The basic point is that Nouri al-Maliki’s government is made up of a coalition of Shiite militias. They do not want to make peace with the Sunnis, pass oil revenue sharing laws, let them back into government posts or help them out with economic or physical infrastructure. On August 1st six Sunni cabinet members left the government over the al-Maliki government’s failure to make any progress toward passing oil revenue sharing laws or disbanding the Shiite militias. Although al-Maliki’s government is Arab, they rely closely on their religious brothers, the Persian Shiite Iranians to their west. Like President Bush, al-Maliki’s government is playing a waiting game. He is waiting on the U.S. to leave. He said so on July 14th. Then the civil war/ethnic cleansing begins in earnest.

Meanwhile our fighting forces are stretched to the limit and in need of rest. The Military Officers Association of America, a nonpartisan group that represents 360,000 active and retired officers, endorsed the Webb/Hagel Amendment saying that the military is overstressed.
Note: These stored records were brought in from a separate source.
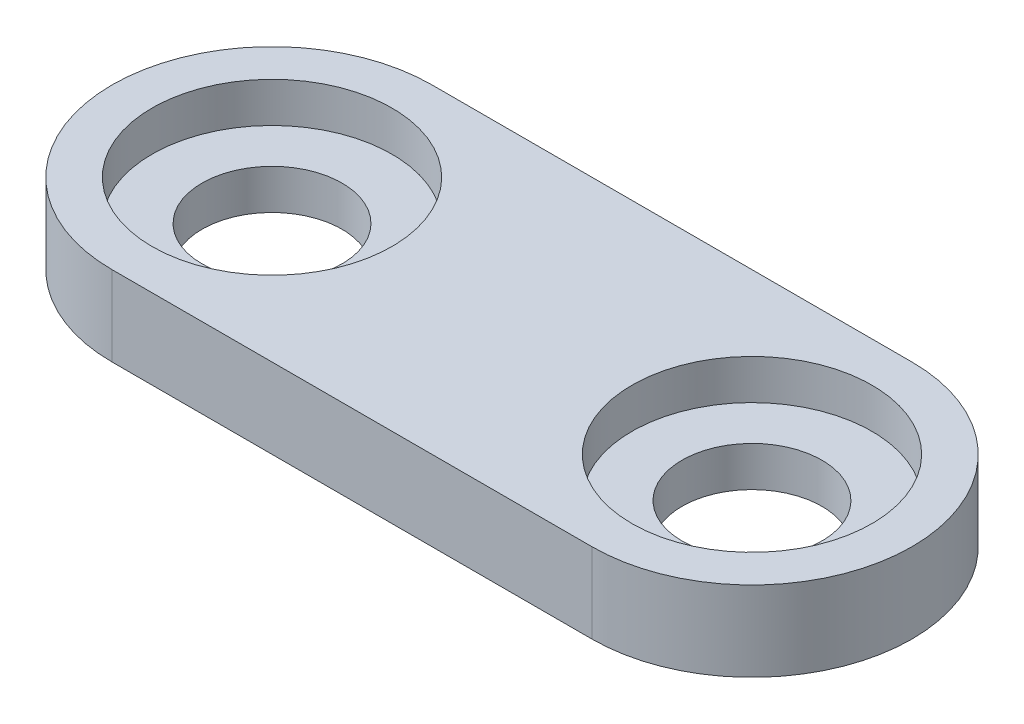
SolidWorks part; units mm, degrees
ref_plane "Front Plane" through (0, 0, 0) normal (0, 0, 1) x (1, 0, 0)
ref_plane "Top Plane" through (0, 0, 0) normal (0, 1, 0) x (1, 0, 0)
ref_plane "Right Plane" through (0, 0, 0) normal (1, 0, 0) x (0, 0, -1)
sketch "Sketch1" plane through (0, 0, 0) normal (0, 1, 0) x (1, 0, 0)
  line L0 (-6, 4) -> (6, 4)
  line L2 (6, -4) -> (-6, -4)
  arc A0 (6, -4) -> (6, 4) centre (6, 0) ccw
  arc A1 (-6, -4) -> (-6, 4) centre (-6, 0) cw
  circle A2 centre (-6, 0) radius 1.75
  circle A3 centre (6, 0) radius 1.75
  point P8 (0, -4)
  point P10 (0, 4)
  dimension "D2" = 3.5
  dimension "D3" = 3.5
  dimension "D1" = 8
  dimension "D4" = 12
extrude "Boss-Extrude1" add sketch "Sketch1" along normal blind 2
sketch "Sketch3" plane through (0, 2, 0) normal (0, 1, 0) x (1, 0, 0)
  circle A0 centre (-6, 0) radius 3
  circle A1 centre (6, 0) radius 3
  dimension "D1" = 6
  dimension "D2" = 6
extrude "Cut-Extrude1" cut sketch "Sketch3" against normal blind 1
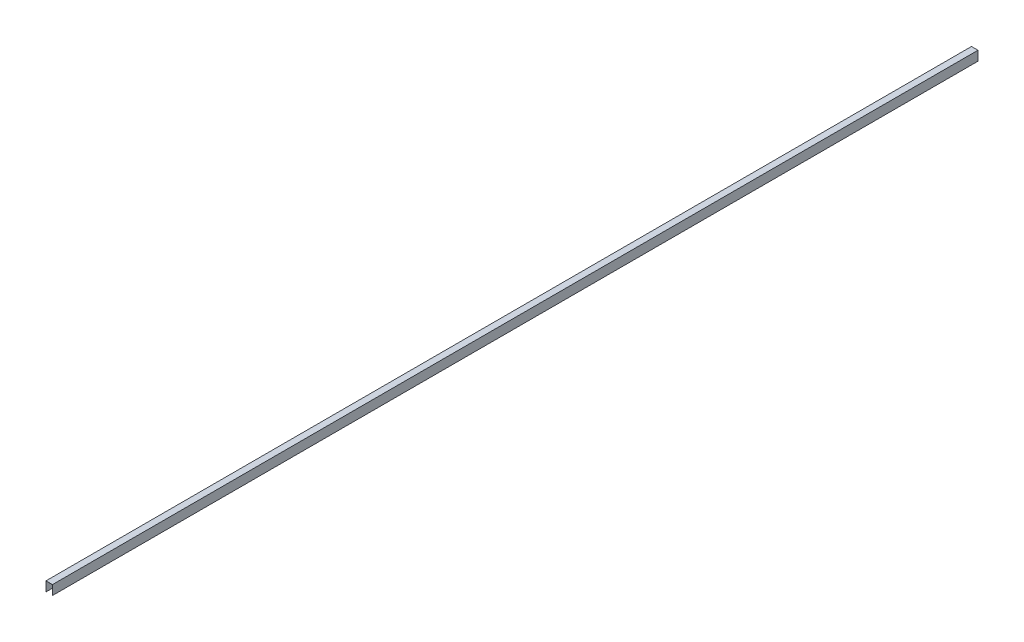
SolidWorks part; units mm, degrees
ref_plane "Front Plane" through (0, 0, 0) normal (0, 0, 1) x (1, 0, 0)
ref_plane "Top Plane" through (0, 0, 0) normal (0, 1, 0) x (1, 0, 0)
ref_plane "Right Plane" through (0, 0, 0) normal (1, 0, 0) x (0, 0, -1)
sketch "Sketch1" plane through (0, 0, 0) normal (0, 0, 1) x (1, 0, 0)
  line L0 (0, 0) -> (0, 19.304)
  line L1 (0, 19.304) -> (13.208, 19.304)
  line L2 (13.208, 19.304) -> (13.208, 0)
  line L3 (13.208, 0) -> (12.954, 0)
  line L4 (12.954, 0) -> (12.954, 19.05)
  line L5 (12.954, 19.05) -> (0.254, 19.05)
  line L6 (0.254, 19.05) -> (0.254, 0)
  line L7 (0.254, 0) -> (0, 0)
  line L8 (0.254, 19.05) -> (0.254, 19.304) construction
  dimension "D1" = 0.254
  dimension "D2" = 12.7
  dimension "D3" = 19.05
extrude "Boss-Extrude1" add sketch "Sketch1" along normal blind 1879.6
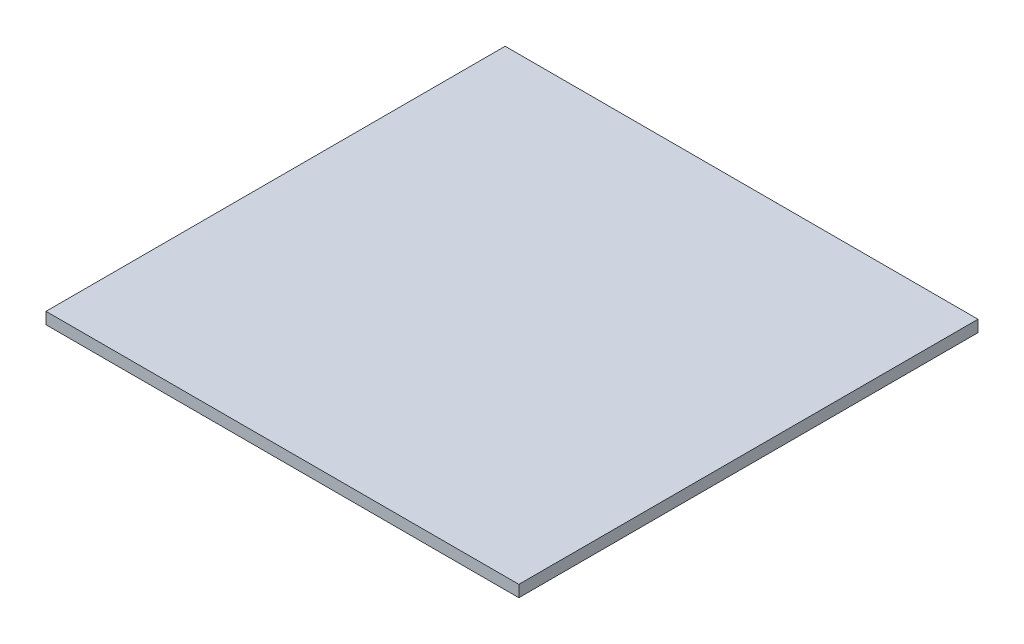
SolidWorks part; units mm, degrees
ref_plane "Alzado" through (0, 0, 0) normal (0, 0, 1) x (1, 0, 0)
ref_plane "Planta" through (0, 0, 0) normal (0, 1, 0) x (1, 0, 0)
ref_plane "Vista lateral" through (0, 0, 0) normal (1, 0, 0) x (0, 0, -1)
sketch "Croquis2" plane through (0, 0, 0) normal (0, 1, 0) x (1, 0, 0)
  line L1 (0, 0) -> (69, 0)
  line L2 (0, 0) -> (0, 67)
  line L3 (0, 67) -> (69, 67)
  line L4 (69, 0) -> (69, 67)
  dimension "D1" = 69
  dimension "D2" = 67
extrude "Saliente-Extruir1" add sketch "Croquis2" along normal blind 1.7
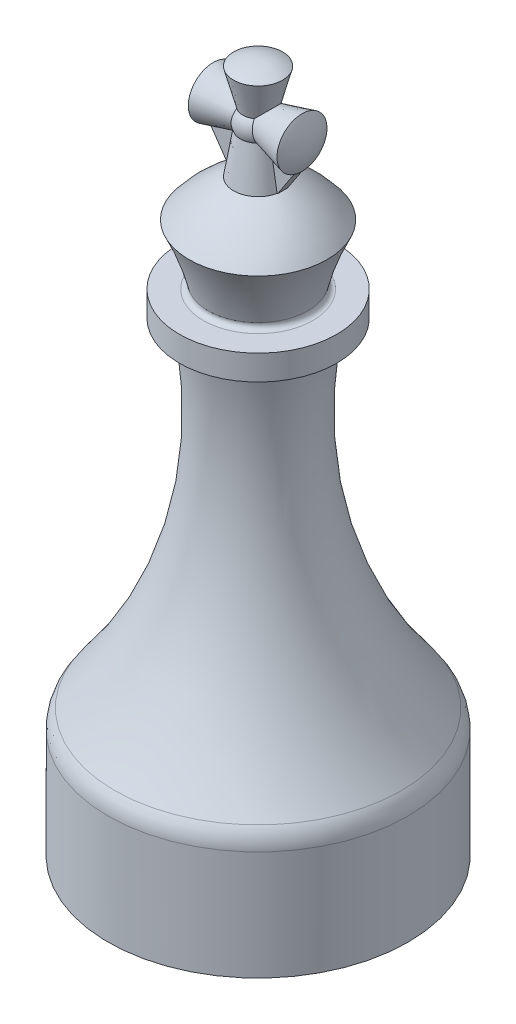
SolidWorks part; units mm, degrees
other "Camera1"
ref_plane "Front Plane" through (0, 0, 0) normal (0, 0, 1) x (1, 0, 0)
ref_plane "Top Plane" through (0, 0, 0) normal (0, 1, 0) x (1, 0, 0)
ref_plane "Right Plane" through (0, 0, 0) normal (1, 0, 0) x (0, 0, -1)
sketch "Sketch3" plane through (0, 0, 0) normal (0, 0, 1) x (1, 0, 0)
  line L0 (31.0622, 0) -> (31.0622, 75)
  line L1 (31.0622, 75) -> (-18.2567, 75)
  line L2 (0, 0) -> (31.0622, 0) construction
  dimension "D1" = 75
sketch "Sketch1" plane through (0, 0, 0) normal (0, 0, 1) x (1, 0, 0)
  line L9 (15, 0) -> (15, 12)
  line L10 (9.5, 0) -> (9.5, 12)
  line L11 (9.5, 12) -> (15, 12) construction
  line L12 (7.6716, 18.1769) -> (0, 30)
  line L13 (0, 69) -> (0, 30)
  line L14 (6, 45.6431) -> (7.8651, 46.5776)
  line L15 (7.8651, 46.5776) -> (7.8651, 49.0804)
  line L16 (0, 0) -> (15, 0)
  line L17 (7.8651, 49.0804) -> (4.858, 49.0804)
  line L18 (2.4501, 58.8041) -> (1.7709, 62.9502)
  line L19 (1.5275, 64.8974) -> (2.4501, 68.3922)
  line L21 (0, 0) -> (0, 69) construction
  arc A5 (9.5, 12) -> (7.6716, 18.1769) centre (-1.8479, 12) ccw
  arc A6 (4.858, 49.0804) -> (6.907, 55.0794) centre (28.9648, 44.1961) cw
  arc A7 (2.4501, 58.8041) -> (6.907, 55.0794) centre (-3.7241, 46.8873) cw
  arc A8 (1.5275, 64.8974) -> (1.7709, 62.9502) centre (0.106, 63.7309) cw
  arc A9 (0, 69) -> (2.4501, 68.3922) centre (0.0489, 63.9548) cw
  arc A10 (15, 12) -> (6, 45.6431) centre (46.1966, 38.3709) cw
  point P26 (6.3616, 49.0804)
  dimension "D4" = 30
  dimension "D1" = 15
  dimension "D2" = 12
  dimension "D3" = 9.5
  dimension "D8" = 69
revolve "Revolve1" add sketch "Sketch1" angle 360 about L21
fillet "Fillet1" radius 3 1 edges at (15, 12, 0)
fillet "Fillet2" radius 0.5 1 edges at (4.858, 49.0804, 0)
sketch "Sketch2" plane through (0, 0, 0) normal (0, 0, 1) x (1, 0, 0)
  line L24 (-5.0944, 63.9548) -> (4.9965, 63.9548)
  line L30 (4.3885, 61.4557) -> (-0.0489, 62.6272)
  line L31 (-0.0489, 62.6272) -> (-0.0489, 63.9548) construction
  line L32 (-4.4864, 61.4557) -> (-0.0489, 62.6272)
  arc A2 (4.9965, 63.9548) -> (4.3885, 61.4557) centre (-0.3969, 63.9434) cw
  arc A3 (-5.0944, 63.9548) -> (-4.4864, 61.4557) centre (0.299, 63.9434) ccw
revolve "Revolve2" add sketch "Sketch2" angle 360 about L24
sketch "Sketch4" plane through (0, 0, 0) normal (0, 0, 1) x (1, 0, 0)
  line L0 (-4.4864, 61.7486) -> (-0.013, 62.9502)
  line L1 (4.3885, 61.7486) -> (-0.013, 62.9502)
  line L2 (-4.4864, 61.7486) -> (-2.4501, 58.8041)
  line L3 (-2.4501, 58.8041) -> (2.4501, 58.8041)
  line L4 (2.4501, 58.8041) -> (4.3885, 61.7486)
  line L5 (1.1873, 62.9502) -> (-1.2133, 62.9502) construction
  line L6 (4.3885, 66.4538) -> (4.3885, 61.4557) construction
  line L7 (-4.4864, 66.4538) -> (-4.4864, 61.4557) construction
extrude "Boss-Extrude2" add sketch "Sketch4" along normal mid plane 1
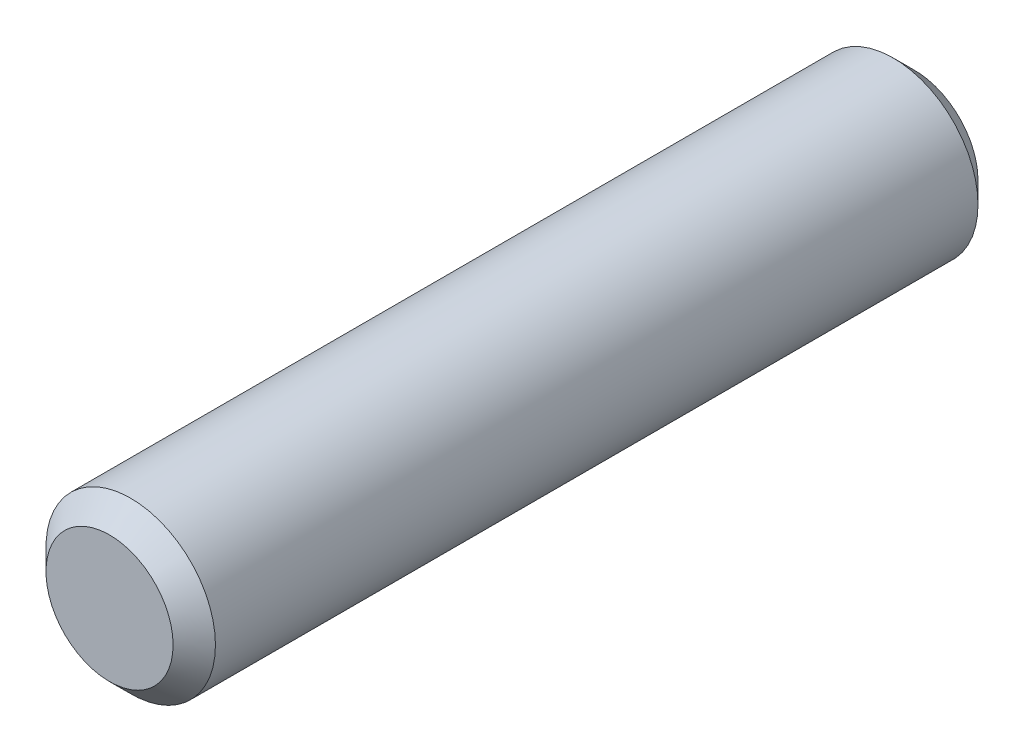
SolidWorks part; units mm, degrees
material "AISI 304"
ref_plane "Front Plane" through (0, 0, 0) normal (0, 0, 1) x (1, 0, 0)
ref_plane "Top Plane" through (0, 0, 0) normal (0, 1, 0) x (1, 0, 0)
ref_plane "Right Plane" through (0, 0, 0) normal (1, 0, 0) x (0, 0, -1)
sketch "Sketch1" plane through (0, 0, 0) normal (0, 0, 1) x (1, 0, 0)
  circle A0 centre (0, 0) radius 2
  dimension "D1" = 4
extrude "Boss-Extrude1" add sketch "Sketch1" along normal blind 19
chamfer "Chamfer1" distance 0.5 angle 45 2 edges at (2, 0, 0) (2, 0, 19)

It is clear today that the serge will not accomplish the goals set out for it by this September and that Nouri al-Maliki’s government will not accomplishment any of the political benchmarks by next September either. Yet 40 sum odd Republican Senators still cover the President’s ‘six.’ *

* Six- The term for one’s back. It was derived from the aviators ‘clock;’ that is 12:00 was head on and 6:00 at the back.